Data section:
* * * * *

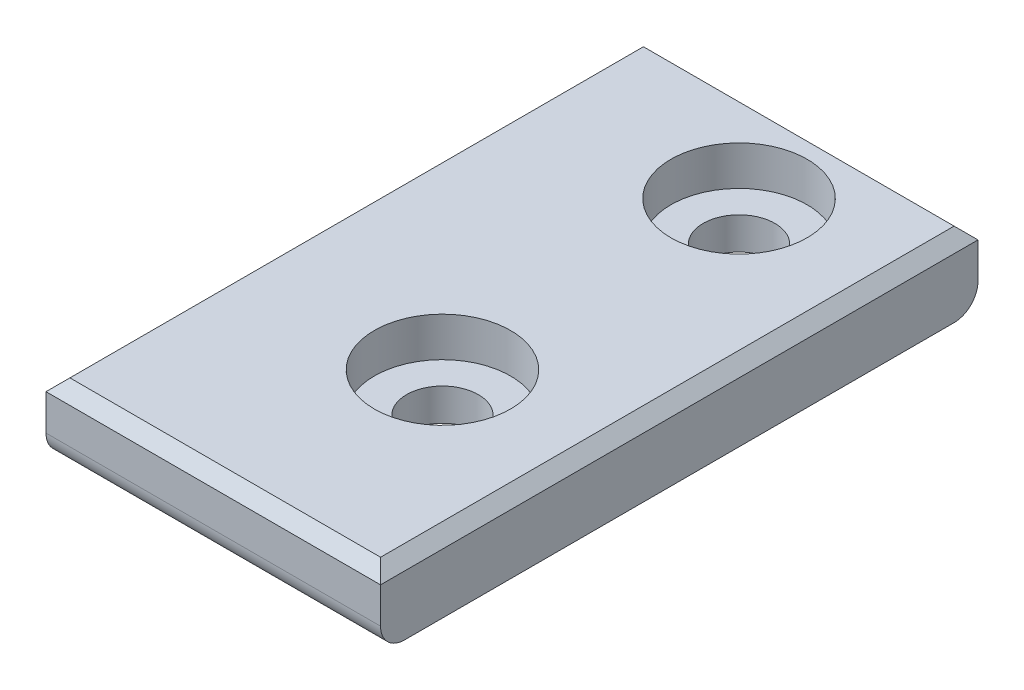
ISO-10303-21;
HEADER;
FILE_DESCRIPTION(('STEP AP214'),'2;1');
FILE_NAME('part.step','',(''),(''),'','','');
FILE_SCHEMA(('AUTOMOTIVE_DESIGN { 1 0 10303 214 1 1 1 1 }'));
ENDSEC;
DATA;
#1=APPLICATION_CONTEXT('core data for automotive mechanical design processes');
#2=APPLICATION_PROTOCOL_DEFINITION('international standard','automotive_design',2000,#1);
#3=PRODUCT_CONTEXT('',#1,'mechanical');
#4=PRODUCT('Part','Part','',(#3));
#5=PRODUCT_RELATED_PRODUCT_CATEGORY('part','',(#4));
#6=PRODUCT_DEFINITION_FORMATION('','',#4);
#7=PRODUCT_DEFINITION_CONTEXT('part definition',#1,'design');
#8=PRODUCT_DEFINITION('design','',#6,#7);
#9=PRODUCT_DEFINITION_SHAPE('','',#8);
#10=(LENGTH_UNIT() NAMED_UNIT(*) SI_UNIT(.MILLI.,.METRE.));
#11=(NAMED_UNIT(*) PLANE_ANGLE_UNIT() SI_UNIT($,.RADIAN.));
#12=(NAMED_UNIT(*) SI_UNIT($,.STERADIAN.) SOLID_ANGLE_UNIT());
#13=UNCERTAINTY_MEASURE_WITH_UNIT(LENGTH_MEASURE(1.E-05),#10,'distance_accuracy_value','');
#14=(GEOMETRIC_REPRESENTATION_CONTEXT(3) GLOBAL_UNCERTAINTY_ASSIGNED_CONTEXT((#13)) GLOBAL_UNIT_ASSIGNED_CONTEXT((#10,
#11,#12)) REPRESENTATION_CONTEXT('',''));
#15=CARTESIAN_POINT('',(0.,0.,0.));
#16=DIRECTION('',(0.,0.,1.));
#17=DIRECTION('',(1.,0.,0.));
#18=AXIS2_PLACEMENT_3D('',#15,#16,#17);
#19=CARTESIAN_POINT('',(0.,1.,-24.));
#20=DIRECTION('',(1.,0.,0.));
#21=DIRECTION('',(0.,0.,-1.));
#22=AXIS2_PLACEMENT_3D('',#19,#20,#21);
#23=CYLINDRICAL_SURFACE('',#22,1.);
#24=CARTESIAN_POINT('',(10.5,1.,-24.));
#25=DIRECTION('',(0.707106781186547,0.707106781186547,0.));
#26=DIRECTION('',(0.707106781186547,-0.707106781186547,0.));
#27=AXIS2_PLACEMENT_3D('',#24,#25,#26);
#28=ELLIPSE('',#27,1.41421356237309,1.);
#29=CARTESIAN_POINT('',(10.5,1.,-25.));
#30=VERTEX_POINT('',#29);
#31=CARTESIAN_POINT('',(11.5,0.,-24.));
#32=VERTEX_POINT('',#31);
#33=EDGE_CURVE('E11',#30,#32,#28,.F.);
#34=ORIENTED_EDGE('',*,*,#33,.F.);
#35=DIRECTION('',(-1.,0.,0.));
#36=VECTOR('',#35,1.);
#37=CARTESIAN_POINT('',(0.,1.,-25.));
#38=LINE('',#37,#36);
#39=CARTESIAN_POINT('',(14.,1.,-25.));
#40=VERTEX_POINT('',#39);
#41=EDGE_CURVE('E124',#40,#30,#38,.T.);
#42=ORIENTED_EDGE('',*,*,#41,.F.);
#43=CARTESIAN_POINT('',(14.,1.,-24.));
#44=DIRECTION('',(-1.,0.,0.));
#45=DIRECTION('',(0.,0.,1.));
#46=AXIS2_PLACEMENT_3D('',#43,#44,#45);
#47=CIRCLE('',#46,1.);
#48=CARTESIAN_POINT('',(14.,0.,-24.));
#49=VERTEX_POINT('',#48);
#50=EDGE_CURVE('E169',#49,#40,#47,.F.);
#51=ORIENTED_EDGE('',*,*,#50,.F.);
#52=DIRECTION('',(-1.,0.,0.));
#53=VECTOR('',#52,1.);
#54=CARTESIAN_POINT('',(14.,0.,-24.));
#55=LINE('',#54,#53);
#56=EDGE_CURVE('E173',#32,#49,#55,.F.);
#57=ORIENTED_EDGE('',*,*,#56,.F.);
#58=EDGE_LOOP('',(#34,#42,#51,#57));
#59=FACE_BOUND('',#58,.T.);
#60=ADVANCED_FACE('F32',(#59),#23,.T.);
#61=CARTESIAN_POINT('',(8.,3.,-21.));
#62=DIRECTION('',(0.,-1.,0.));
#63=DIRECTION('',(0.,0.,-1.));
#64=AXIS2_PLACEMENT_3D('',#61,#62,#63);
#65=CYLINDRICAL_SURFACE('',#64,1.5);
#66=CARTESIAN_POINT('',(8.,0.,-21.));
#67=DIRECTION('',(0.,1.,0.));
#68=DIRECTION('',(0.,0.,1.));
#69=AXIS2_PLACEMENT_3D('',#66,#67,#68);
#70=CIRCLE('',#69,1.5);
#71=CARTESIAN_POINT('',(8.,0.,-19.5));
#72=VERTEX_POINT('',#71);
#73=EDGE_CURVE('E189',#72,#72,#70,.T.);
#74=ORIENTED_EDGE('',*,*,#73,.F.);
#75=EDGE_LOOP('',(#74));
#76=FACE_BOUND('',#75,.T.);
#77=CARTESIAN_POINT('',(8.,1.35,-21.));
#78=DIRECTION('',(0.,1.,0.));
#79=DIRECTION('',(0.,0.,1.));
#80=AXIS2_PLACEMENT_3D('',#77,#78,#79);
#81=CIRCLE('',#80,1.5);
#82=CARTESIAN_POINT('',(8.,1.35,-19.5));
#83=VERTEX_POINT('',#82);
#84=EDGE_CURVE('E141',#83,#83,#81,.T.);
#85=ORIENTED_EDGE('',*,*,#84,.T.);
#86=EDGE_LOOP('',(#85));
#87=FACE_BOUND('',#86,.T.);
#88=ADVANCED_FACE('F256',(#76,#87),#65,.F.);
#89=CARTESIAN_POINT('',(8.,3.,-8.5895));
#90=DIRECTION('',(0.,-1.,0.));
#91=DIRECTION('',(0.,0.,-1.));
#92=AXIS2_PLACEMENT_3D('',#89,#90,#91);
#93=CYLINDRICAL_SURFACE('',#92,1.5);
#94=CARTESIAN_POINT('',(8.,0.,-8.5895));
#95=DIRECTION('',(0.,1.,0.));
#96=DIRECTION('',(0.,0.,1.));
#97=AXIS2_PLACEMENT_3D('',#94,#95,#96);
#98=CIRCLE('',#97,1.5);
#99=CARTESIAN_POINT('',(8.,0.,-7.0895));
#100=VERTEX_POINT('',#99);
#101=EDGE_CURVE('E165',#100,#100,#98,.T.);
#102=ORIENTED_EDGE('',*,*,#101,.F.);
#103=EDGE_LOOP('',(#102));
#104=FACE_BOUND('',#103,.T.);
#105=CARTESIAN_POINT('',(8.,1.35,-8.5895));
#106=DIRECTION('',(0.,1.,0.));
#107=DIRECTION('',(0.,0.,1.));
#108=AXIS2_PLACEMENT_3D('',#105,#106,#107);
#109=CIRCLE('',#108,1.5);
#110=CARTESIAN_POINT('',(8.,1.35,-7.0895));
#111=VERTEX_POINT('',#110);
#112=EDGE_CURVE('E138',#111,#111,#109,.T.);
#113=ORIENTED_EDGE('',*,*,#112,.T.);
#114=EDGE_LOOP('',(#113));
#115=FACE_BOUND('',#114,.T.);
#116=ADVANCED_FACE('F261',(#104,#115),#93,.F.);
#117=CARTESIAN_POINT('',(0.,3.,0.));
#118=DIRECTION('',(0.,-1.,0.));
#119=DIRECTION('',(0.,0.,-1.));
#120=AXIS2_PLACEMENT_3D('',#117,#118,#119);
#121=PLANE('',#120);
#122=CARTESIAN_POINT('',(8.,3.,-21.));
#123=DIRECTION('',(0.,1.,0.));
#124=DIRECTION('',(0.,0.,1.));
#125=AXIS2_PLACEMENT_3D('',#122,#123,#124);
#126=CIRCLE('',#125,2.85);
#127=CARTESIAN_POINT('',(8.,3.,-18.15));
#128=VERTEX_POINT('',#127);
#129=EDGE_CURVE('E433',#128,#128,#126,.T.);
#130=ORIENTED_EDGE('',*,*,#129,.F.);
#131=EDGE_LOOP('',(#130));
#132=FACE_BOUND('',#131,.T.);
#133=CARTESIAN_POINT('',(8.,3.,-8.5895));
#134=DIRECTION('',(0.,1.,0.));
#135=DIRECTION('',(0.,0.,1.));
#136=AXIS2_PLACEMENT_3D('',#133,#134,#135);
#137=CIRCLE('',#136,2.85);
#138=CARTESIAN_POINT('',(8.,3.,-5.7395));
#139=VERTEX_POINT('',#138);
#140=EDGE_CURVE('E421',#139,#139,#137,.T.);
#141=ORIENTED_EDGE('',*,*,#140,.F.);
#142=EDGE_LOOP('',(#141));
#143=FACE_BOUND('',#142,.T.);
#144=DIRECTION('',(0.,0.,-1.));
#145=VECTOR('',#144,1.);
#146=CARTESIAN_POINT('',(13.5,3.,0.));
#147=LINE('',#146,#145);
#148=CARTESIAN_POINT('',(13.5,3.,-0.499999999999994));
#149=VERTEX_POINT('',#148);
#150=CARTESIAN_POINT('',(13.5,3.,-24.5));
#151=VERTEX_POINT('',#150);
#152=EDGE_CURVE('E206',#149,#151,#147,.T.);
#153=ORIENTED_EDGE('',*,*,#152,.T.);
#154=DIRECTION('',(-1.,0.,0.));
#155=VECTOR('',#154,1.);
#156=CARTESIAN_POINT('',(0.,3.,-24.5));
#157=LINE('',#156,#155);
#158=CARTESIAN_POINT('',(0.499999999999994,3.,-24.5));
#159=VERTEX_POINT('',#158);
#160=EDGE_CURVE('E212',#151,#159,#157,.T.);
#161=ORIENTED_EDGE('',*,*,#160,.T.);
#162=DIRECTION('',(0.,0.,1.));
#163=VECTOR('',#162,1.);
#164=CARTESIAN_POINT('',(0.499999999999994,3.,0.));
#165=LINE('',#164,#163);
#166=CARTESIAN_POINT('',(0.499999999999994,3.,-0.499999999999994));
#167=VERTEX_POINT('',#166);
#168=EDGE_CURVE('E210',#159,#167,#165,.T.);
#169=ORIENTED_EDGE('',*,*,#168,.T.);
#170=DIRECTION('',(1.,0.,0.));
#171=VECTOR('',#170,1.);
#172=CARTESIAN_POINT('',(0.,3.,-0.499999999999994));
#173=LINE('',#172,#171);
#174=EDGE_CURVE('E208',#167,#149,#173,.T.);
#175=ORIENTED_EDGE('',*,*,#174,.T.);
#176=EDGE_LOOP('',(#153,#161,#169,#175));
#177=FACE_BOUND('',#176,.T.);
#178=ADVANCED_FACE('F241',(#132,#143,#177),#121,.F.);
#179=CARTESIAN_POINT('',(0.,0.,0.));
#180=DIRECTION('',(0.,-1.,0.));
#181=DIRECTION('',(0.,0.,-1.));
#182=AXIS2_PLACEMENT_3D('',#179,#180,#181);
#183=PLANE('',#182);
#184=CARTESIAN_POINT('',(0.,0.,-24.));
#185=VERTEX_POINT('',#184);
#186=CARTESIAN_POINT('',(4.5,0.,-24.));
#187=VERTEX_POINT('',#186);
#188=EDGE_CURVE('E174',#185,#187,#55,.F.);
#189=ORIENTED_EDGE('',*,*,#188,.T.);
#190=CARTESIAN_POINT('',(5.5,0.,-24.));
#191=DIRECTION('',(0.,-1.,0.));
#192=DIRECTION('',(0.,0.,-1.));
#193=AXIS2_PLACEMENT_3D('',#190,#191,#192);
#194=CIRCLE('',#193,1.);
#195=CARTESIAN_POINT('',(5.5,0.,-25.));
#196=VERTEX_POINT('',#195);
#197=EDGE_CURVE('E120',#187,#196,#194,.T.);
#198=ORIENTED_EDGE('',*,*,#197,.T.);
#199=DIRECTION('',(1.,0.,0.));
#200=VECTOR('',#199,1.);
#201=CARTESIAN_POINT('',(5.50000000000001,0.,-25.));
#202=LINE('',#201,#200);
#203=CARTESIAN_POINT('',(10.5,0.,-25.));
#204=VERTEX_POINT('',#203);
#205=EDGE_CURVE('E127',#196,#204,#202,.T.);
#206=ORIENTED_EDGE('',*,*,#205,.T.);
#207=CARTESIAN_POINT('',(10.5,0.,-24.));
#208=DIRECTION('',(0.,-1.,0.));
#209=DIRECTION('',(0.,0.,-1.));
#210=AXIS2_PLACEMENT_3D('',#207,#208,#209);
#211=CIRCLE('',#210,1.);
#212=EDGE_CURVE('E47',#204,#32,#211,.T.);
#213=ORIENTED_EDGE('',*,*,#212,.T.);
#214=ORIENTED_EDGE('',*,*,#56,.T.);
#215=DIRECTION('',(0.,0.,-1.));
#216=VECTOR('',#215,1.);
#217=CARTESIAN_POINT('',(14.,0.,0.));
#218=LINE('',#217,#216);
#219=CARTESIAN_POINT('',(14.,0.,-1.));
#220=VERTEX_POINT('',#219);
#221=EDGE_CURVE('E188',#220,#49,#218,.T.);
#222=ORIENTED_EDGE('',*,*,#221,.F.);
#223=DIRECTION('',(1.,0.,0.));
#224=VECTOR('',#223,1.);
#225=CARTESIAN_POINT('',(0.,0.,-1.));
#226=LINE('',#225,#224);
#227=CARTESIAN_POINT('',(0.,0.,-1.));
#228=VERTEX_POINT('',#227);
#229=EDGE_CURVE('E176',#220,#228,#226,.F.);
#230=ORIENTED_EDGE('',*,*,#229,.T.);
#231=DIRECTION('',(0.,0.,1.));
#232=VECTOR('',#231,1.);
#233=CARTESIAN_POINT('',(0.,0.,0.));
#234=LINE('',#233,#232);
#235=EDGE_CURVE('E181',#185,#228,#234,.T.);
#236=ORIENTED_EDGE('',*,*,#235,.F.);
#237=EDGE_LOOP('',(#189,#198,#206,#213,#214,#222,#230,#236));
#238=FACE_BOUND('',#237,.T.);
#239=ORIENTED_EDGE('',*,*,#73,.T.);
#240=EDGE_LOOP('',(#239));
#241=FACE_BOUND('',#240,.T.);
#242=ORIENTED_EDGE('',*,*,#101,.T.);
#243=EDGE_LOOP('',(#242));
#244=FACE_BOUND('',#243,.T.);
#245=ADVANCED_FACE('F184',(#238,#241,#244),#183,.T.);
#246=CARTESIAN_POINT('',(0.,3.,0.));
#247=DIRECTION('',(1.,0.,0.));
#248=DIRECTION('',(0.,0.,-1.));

* * * * *

Task requirements: Where the listing above has a line with "#46=AXIS2_PLACEMENT_3D('',#43,#44,#45);", start there, and output every line exactly through the line with "#90=DIRECTION('',(0.,-1.,0.));", which is also included.

Exercise answer:
#46=AXIS2_PLACEMENT_3D('',#43,#44,#45);
#47=CIRCLE('',#46,1.);
#48=CARTESIAN_POINT('',(14.,0.,-24.));
#49=VERTEX_POINT('',#48);
#50=EDGE_CURVE('E169',#49,#40,#47,.F.);
#51=ORIENTED_EDGE('',*,*,#50,.F.);
#52=DIRECTION('',(-1.,0.,0.));
#53=VECTOR('',#52,1.);
#54=CARTESIAN_POINT('',(14.,0.,-24.));
#55=LINE('',#54,#53);
#56=EDGE_CURVE('E173',#32,#49,#55,.F.);
#57=ORIENTED_EDGE('',*,*,#56,.F.);
#58=EDGE_LOOP('',(#34,#42,#51,#57));
#59=FACE_BOUND('',#58,.T.);
#60=ADVANCED_FACE('F32',(#59),#23,.T.);
#61=CARTESIAN_POINT('',(8.,3.,-21.));
#62=DIRECTION('',(0.,-1.,0.));
#63=DIRECTION('',(0.,0.,-1.));
#64=AXIS2_PLACEMENT_3D('',#61,#62,#63);
#65=CYLINDRICAL_SURFACE('',#64,1.5);
#66=CARTESIAN_POINT('',(8.,0.,-21.));
#67=DIRECTION('',(0.,1.,0.));
#68=DIRECTION('',(0.,0.,1.));
#69=AXIS2_PLACEMENT_3D('',#66,#67,#68);
#70=CIRCLE('',#69,1.5);
#71=CARTESIAN_POINT('',(8.,0.,-19.5));
#72=VERTEX_POINT('',#71);
#73=EDGE_CURVE('E189',#72,#72,#70,.T.);
#74=ORIENTED_EDGE('',*,*,#73,.F.);
#75=EDGE_LOOP('',(#74));
#76=FACE_BOUND('',#75,.T.);
#77=CARTESIAN_POINT('',(8.,1.35,-21.));
#78=DIRECTION('',(0.,1.,0.));
#79=DIRECTION('',(0.,0.,1.));
#80=AXIS2_PLACEMENT_3D('',#77,#78,#79);
#81=CIRCLE('',#80,1.5);
#82=CARTESIAN_POINT('',(8.,1.35,-19.5));
#83=VERTEX_POINT('',#82);
#84=EDGE_CURVE('E141',#83,#83,#81,.T.);
#85=ORIENTED_EDGE('',*,*,#84,.T.);
#86=EDGE_LOOP('',(#85));
#87=FACE_BOUND('',#86,.T.);
#88=ADVANCED_FACE('F256',(#76,#87),#65,.F.);
#89=CARTESIAN_POINT('',(8.,3.,-8.5895));
#90=DIRECTION('',(0.,-1.,0.));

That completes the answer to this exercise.